At age 14 Netanyahu returned with his family to the U.S. where they spent 4 years after which the young Netanyahu returned to Israel to be recruited to the Israel Defense Forces.
He served in an elite commando unit and successfully completed an officer’s course.
In 1972, after 5 years in the army, Netanyahu left Israel for the U.S., yet soon returned upon the eruption of the Yom Kippur War in 1973.
When the war ended Netanyahu returned to the U.S. to complete his studies, taking courses at Harvard and the Massachusetts Institute of Technology under his American name Benjamin Nitai.
Although successful in giving financial advice to private companies, Netanyahu was inclined to embark on a political career.
The 1976 death of his brother Jonathan in a raid against terrorists who hijacked an airliner in airliner in Entebbe changed Netanyahu’s life.
In 1978 Netanyahu returned to Israel with his family and established the Jonathan Institute for Terrorism Research. In 1982 he divorced his first wife and cashed in on his friendship with Moshe Arens, then Israel’s ambassador to the U.S., to find an envoy’s post in Washington.
In 1984 he was appointed as Israel’s ambassador to the United Nations, a post he held until1988 when he returned to Israel to resume an active role in the Likud party and appeared as the 10th name on the party’s list for the 1988 general elections, winning a Likud seat in parliament.
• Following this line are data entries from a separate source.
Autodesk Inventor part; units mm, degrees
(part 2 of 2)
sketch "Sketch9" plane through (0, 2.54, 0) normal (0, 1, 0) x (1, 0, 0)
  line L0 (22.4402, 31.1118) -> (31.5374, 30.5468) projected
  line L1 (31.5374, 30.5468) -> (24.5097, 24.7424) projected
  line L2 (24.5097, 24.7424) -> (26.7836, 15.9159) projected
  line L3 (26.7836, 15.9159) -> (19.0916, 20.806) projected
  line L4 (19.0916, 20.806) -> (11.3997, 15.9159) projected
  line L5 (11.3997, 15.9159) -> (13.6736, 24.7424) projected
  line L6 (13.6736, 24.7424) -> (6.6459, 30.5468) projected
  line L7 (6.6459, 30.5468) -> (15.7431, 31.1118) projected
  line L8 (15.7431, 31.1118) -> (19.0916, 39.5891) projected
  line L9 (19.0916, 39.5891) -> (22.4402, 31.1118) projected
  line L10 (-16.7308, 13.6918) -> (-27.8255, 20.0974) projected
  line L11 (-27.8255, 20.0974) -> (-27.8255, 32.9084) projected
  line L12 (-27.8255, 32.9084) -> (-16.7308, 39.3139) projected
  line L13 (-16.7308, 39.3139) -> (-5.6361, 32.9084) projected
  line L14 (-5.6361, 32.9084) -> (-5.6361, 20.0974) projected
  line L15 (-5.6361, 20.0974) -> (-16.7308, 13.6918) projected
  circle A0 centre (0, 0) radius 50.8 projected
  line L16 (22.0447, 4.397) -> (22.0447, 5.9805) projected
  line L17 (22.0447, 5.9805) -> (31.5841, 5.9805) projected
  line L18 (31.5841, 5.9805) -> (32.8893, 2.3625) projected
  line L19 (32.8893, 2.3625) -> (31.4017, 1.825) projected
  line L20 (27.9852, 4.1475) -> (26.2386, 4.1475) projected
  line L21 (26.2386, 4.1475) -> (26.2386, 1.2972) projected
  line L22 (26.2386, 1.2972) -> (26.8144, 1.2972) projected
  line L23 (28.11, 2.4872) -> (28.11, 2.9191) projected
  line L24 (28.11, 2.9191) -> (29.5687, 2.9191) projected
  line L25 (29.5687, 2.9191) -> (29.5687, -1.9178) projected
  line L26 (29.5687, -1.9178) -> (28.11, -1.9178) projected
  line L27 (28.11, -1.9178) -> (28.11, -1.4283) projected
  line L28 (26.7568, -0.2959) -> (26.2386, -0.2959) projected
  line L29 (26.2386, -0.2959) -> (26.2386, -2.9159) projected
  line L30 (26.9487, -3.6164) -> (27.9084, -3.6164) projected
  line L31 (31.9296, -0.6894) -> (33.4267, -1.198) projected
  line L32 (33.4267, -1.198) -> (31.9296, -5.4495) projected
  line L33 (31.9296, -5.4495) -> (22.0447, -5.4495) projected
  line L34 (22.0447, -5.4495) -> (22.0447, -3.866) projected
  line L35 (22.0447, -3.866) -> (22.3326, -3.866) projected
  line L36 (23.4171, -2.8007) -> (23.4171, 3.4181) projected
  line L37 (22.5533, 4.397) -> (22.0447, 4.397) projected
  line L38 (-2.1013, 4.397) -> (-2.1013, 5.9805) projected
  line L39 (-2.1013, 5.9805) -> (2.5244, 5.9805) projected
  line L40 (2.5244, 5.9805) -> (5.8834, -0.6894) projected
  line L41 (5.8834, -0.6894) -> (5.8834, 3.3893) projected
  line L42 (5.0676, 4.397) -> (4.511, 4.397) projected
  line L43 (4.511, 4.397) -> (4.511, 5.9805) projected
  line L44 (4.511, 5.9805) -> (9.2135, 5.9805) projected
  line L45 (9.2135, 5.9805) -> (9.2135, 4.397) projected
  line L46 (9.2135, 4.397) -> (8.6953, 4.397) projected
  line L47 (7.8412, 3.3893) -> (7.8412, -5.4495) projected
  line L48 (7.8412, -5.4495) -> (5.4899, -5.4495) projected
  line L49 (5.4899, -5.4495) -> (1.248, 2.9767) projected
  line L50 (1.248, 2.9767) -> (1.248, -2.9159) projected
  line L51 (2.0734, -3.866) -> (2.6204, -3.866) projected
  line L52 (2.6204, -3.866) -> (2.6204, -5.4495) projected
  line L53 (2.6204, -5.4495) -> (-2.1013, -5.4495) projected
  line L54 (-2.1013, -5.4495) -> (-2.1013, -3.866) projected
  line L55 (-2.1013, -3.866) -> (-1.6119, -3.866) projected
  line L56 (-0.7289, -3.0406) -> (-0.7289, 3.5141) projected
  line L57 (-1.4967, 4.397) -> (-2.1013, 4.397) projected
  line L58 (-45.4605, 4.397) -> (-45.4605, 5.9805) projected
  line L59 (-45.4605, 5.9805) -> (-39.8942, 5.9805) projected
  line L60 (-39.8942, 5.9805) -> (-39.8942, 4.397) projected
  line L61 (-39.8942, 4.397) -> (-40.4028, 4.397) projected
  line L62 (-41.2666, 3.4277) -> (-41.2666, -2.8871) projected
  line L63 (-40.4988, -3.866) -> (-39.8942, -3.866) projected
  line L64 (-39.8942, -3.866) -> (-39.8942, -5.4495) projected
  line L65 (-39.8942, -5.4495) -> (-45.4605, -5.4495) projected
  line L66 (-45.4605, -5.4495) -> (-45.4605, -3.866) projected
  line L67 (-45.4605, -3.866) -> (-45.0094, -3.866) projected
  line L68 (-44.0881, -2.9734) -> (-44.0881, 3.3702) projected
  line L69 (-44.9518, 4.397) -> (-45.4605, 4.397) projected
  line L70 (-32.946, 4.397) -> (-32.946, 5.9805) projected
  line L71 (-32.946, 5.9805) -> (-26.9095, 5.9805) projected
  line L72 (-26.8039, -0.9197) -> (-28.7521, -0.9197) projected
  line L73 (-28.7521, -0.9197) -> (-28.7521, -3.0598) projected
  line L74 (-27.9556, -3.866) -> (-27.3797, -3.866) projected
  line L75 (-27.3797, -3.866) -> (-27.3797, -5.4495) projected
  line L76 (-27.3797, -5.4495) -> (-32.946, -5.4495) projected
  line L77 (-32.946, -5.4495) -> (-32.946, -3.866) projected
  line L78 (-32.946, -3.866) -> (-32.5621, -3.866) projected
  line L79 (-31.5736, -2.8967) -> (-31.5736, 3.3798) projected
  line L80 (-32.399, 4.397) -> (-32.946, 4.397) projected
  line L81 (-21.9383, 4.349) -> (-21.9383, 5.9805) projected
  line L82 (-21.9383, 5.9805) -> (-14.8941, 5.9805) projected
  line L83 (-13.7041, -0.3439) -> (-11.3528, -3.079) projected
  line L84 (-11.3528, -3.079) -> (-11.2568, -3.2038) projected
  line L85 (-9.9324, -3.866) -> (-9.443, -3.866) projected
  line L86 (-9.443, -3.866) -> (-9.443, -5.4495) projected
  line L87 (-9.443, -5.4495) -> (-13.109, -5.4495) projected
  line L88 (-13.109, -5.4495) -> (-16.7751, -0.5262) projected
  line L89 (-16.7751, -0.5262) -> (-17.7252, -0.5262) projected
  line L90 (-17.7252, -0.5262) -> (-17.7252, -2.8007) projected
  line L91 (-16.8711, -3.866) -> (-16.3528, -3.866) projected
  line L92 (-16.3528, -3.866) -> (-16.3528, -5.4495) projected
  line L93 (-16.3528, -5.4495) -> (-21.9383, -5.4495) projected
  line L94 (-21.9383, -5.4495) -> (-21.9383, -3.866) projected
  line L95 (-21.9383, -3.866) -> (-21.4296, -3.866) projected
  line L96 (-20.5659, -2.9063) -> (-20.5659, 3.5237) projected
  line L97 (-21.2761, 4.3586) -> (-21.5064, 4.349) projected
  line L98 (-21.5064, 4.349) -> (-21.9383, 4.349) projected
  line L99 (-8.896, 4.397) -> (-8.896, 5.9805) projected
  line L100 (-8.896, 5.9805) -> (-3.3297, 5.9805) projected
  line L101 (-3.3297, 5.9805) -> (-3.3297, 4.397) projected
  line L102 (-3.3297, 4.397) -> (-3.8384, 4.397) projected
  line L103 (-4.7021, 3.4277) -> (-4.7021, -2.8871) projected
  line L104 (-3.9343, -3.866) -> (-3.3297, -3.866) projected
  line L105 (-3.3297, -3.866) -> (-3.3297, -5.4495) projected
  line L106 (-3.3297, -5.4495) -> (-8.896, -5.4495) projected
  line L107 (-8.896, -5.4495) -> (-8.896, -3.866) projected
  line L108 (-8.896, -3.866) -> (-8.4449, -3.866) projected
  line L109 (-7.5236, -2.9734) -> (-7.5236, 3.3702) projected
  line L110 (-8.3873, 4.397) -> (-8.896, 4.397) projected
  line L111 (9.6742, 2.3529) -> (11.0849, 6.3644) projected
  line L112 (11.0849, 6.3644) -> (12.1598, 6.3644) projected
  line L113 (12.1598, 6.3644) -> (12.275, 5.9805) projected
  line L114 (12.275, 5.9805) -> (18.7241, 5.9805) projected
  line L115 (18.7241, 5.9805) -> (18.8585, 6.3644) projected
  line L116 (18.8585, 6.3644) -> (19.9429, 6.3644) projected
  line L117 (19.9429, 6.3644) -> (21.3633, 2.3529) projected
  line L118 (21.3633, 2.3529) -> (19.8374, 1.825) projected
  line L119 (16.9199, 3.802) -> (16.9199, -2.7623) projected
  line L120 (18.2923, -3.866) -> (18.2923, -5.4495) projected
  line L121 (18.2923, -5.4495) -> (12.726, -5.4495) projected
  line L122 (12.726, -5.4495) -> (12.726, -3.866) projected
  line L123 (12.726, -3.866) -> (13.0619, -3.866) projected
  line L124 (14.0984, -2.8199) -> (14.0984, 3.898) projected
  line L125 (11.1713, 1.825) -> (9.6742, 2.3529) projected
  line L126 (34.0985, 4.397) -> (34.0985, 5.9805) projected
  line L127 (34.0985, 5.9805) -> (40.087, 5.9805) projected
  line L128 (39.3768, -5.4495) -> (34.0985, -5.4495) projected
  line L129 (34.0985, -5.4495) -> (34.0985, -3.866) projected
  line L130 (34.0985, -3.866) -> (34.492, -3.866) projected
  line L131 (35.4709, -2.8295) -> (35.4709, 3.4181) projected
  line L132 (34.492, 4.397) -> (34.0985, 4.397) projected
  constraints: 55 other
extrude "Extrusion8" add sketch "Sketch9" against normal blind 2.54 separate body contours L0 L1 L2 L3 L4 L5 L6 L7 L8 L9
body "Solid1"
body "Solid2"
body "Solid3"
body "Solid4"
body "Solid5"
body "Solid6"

Under the government of prime minister Yitzhak Shamir he served as deputy foreign minister and then as a minister-without-portfolio in the Prime Minister’s Office. During that time he built an image of a staunch advocate of Israel’s cause, articulating the Israeli government’s position during the first Gulf War and at the Madrid talks with the Palestine Liberation Organization.